Rheinisches Intrigenspiel
RheinblickBrigitte Glaser gelingt es meiner Meinung nach hervorragend die politischen Ränkespiele und Ereignisse nur wenige Tage nach der Bundestagswahl von 1972 mitreißend, spannend und persönlich zu erzählen. ...
Brigitte Glaser gelingt es meiner Meinung nach hervorragend die politischen Ränkespiele und Ereignisse nur wenige Tage nach der Bundestagswahl von 1972 mitreißend, spannend und persönlich zu erzählen. Für mich eines meiner persönlichen Lesehighlights in diesem Frühjahr.
Der Dreh- und Angelpunkt der Geschichte ist der „Rheinblick“ – ein Bonner Politlokal, in dem Politiker und Mitarbeiter der Ministerien, aber auch Taxifahrer ein und ausgehen. Hilde Kessel kennt als Wirtin des Rheinblicks alle. Ihr Credo: Was im Rheinblick passiert, bleibt auch im Rheinblick. Da kann sich so mancher Politiker auf ihre Diskretion verlassen. Doch auch Hilde hat als Frau ihre Geheimnisse und nicht zuletzt wird sie durch eine vergangene Unachtsamkeit erpressbar. Dies droht ihr zum Verhängnis zu werden, als es in den Tagen nach der Bundestagswahl und des Sieges von Willy Brandt so manches Intrigenspiel um Ministerposten auch nicht vor dem Rheinblick halt zu machen scheint. Zur gleichen Zeit steht die junge Logopädin Sonja Engel vor der Chance ihres Lebens. Sie soll dem frisch operierten Willy Brandt helfen, seine Stimme wieder zu erlangen. Ein schwieriges Unterfangen, zumal sich während der schwierigen Koalitionsverhandlungen nur schwer Ruhe für die Behandlung einstellt. Doch Sonja kämpft – auch um ihre Schwester Reni, die unerwartet spurlos verschwindet. Ob ihr Cousin Erwin Tibulski, ein ergeiziger, junger Politiker helfen kann? …

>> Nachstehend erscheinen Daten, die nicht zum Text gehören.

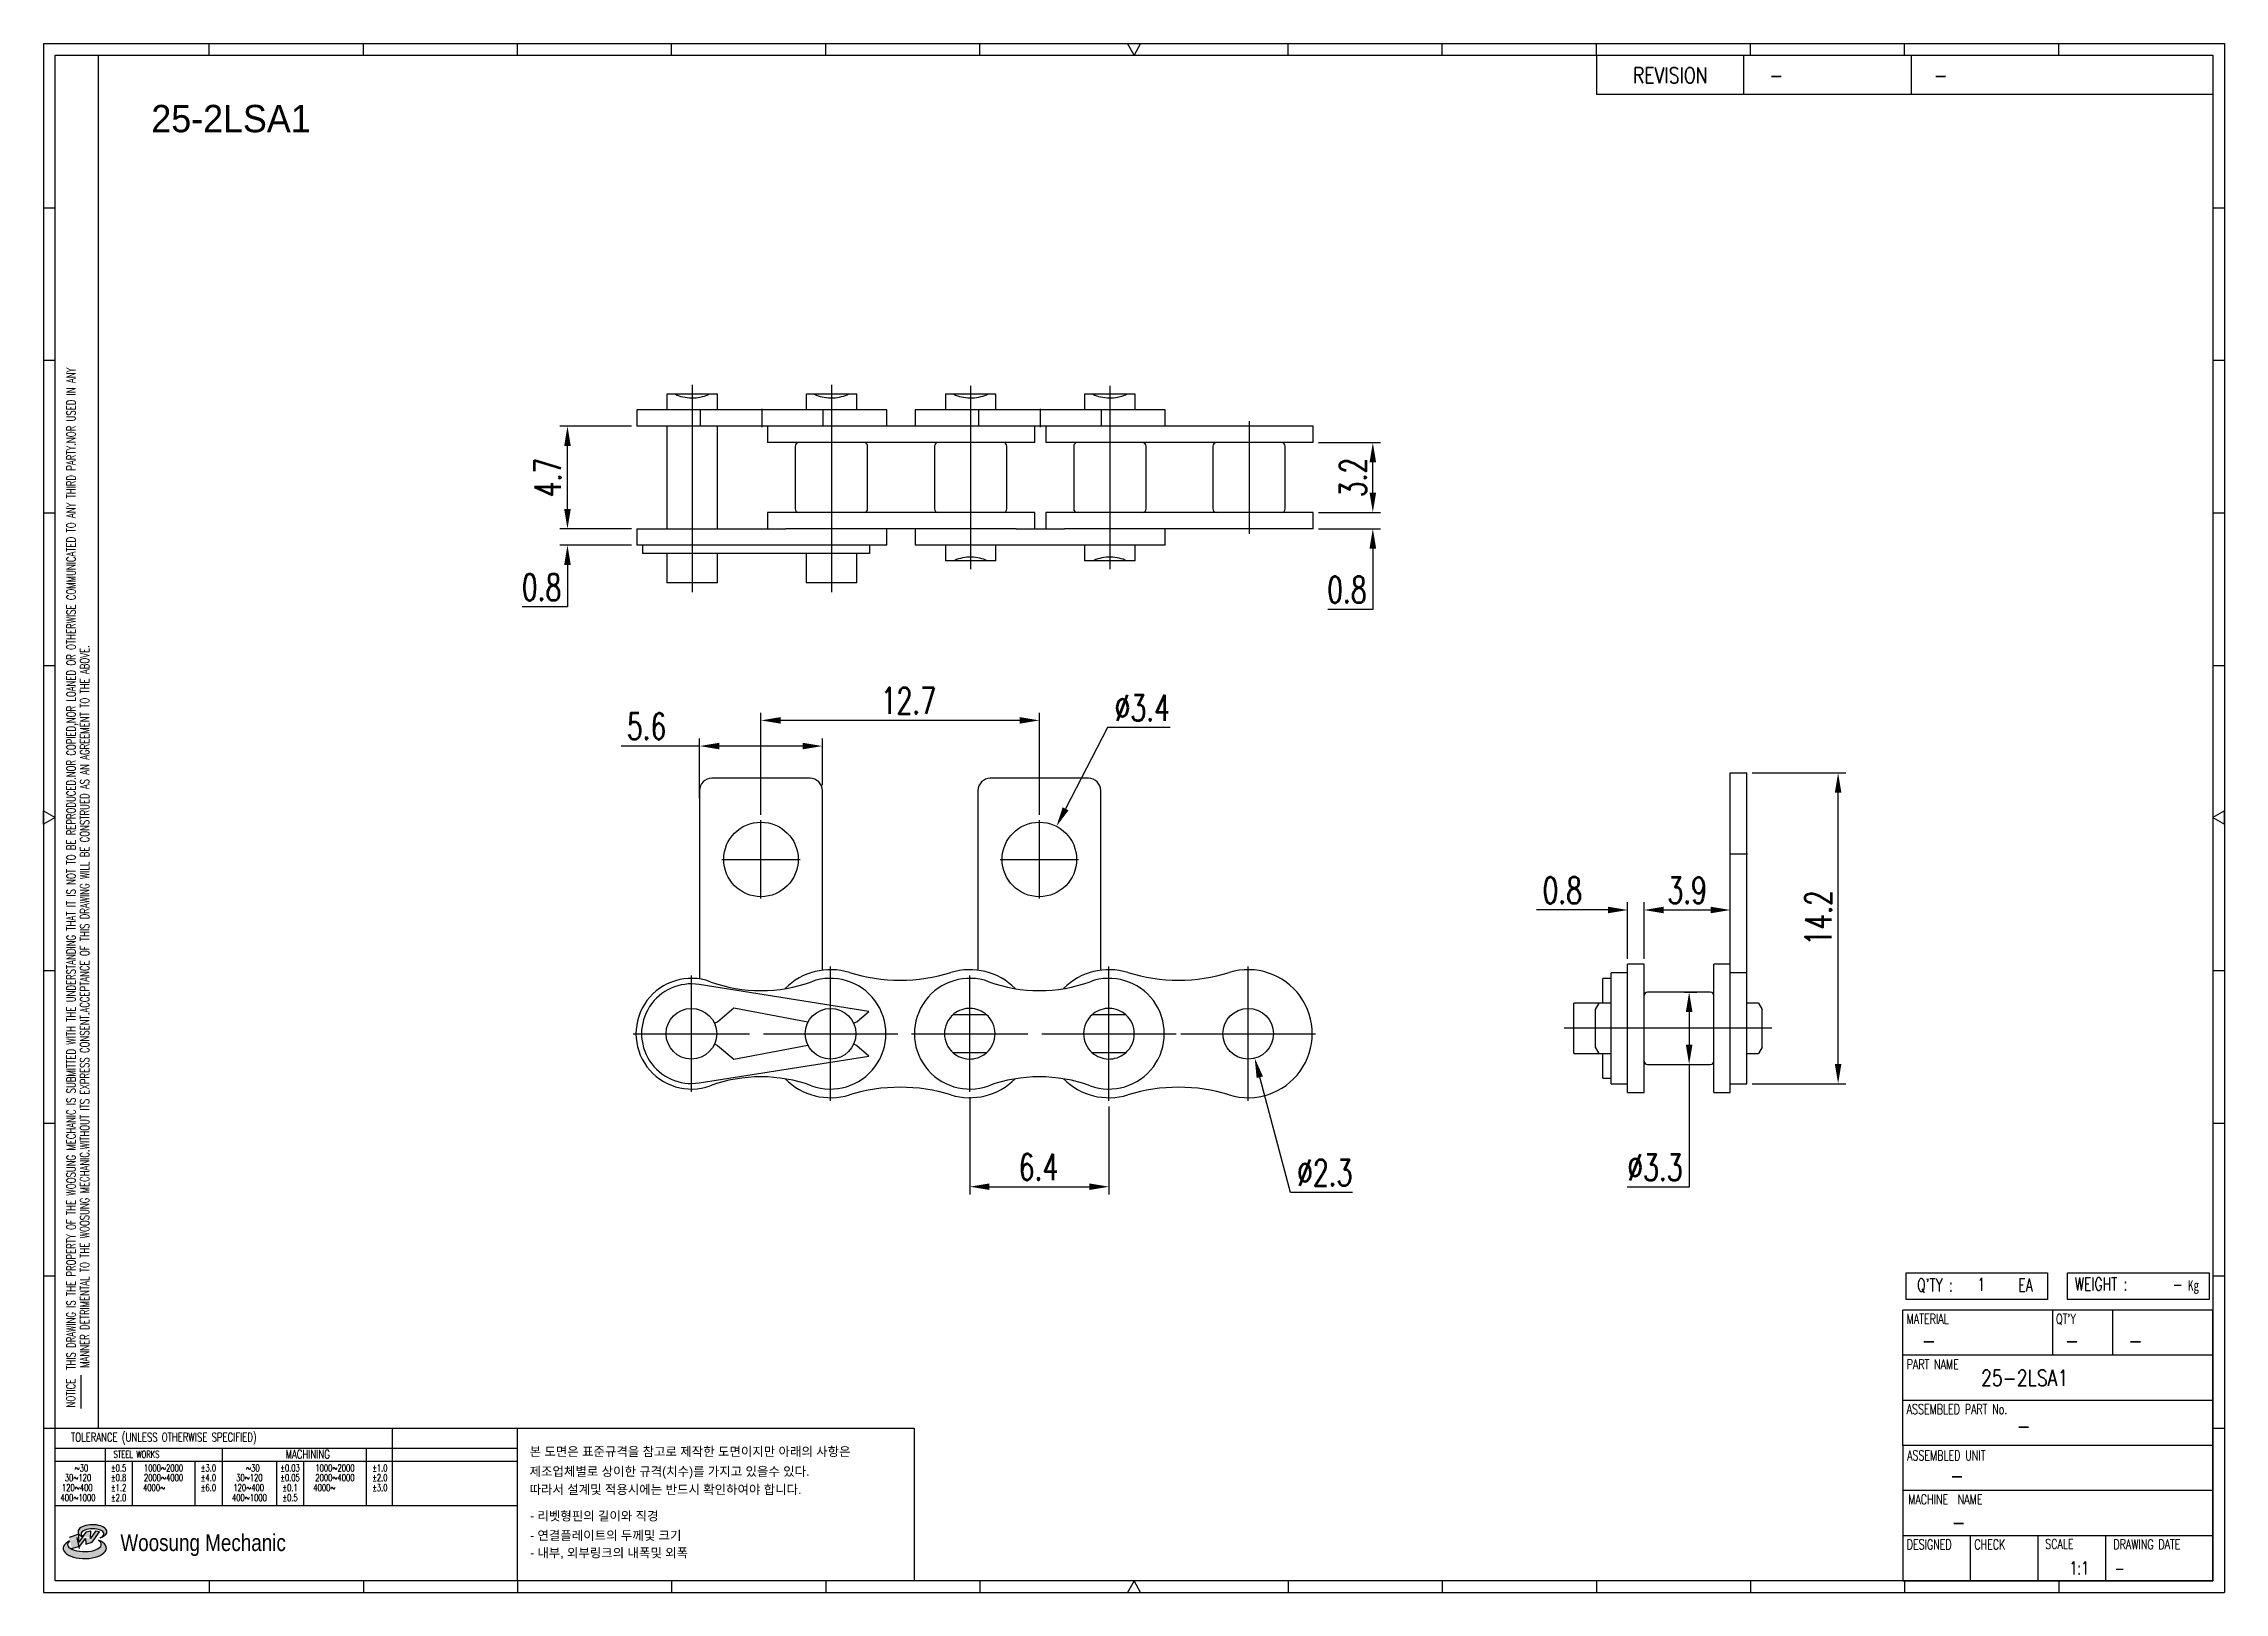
# Model space of a CAD drawing. Header units: millimetres. Extents: x 9.1 to 108.6, y 59.1 to 129.7.
import ezdxf
from ezdxf.enums import TextEntityAlignment as Align

# ---------------------------------------------------------------- set-up
doc = ezdxf.new("R2010")
doc.units = ezdxf.units.MM
doc.linetypes.add('AM_ISO08W050', pattern=[18, 12, -1.5, 3, -1.5])
doc.layers.get('Defpoints').update_dxf_attribs({"color": 80})
doc.layers.add('CL1', color=140, linetype='AM_ISO08W050', lineweight=25)
for name, color, linetype in [('S-DIM', 7, 'Continuous'), ('TITLE', 7, 'Continuous'), ('도면레이아웃', 7, 'Continuous')]:
    doc.layers.add(name, color=color, linetype=linetype)
doc.styles.add('HAN', font='ROMANS.shx', dxfattribs={"width": 0.7, "bigfont": 'whgtxt.shx'})
doc.styles.add('HKD_ST2', font='romans.shx', dxfattribs={"width": 0.7, "height": 4, "bigfont": '@extfont2.shx'})
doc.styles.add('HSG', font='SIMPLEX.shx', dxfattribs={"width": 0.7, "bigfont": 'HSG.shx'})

Es sind nur zwei Wochen und zwei Frauen, die Brigitte Glaser zum Zentrum ihrer faszinierenden Geschichte macht. Aber es gelingt Brigitte Glaser die damaligen Ereignisse, Menschen und Situationen hervorragend miteinander zu verweben, anschaulich und lebendig zu beschreiben und einen unterhaltsamen kleinen Thriller zu schaffen. Mit „klein“ meine ich, dass er durchaus ohne gewaltsame Intrigen à la House of Cards auskommt. Es sind eher die leisen Töne, die den Roman bestimmen. Es sind die zwischenmenschlichen Beziehungen von Hilde und Sonja zu ihren Familien und Freunden/Bekannten, die den Hauptteil der Geschichte ausmachen. Beide werden in den Strudel der Ereignisse hineingezogen, obwohl sie stets Beobachter der politischen Ereignisse der damaligen Zeit bleiben. Dennoch hat es mir sehr gut gefallen, wie Brigitte Glaser beide Frauenfiguren und ihre Lebensumstände schildert und damit auch das Frauenbild der damaligen Zeit in unterschiedlichen Situationen beschreibt. Beide Frauen waren mir auf Anhieb sympathisch. Beide sind Kämpferinnen, die auf unterschiedlichen Wegen ihren Platz im Leben suchen, und für ihre Träume bereit sind Opfer zu bringen. Aber beide ringen auch mit ihren Entscheidungen, lassen sich von Gefühlen und familiären Verpflichtungen beeinflussen. Und obwohl hier durch die eingebaute zusätzliche Kriminalgeschichte der Roman leicht überladen scheint, so gibt diese der ganzen Handlung zusätzlich ein klein wenig politisches Pfeffer im Bonner Intrigenspiel bei der Machtvergabe von Ämtern und Positionen. Mein Fazit: Brigitte Glaser ist aus meiner Sicht ein sehr unterhaltsames, literarisches Stück Zeitgeschichte gelungen, das ich sehr lesenswert finde und gleichzeitig eine spannende Zeitreise, die mit einem kleinen Augenzwinkern in die Gegenwart auch aktuelle Bezüge zulässt.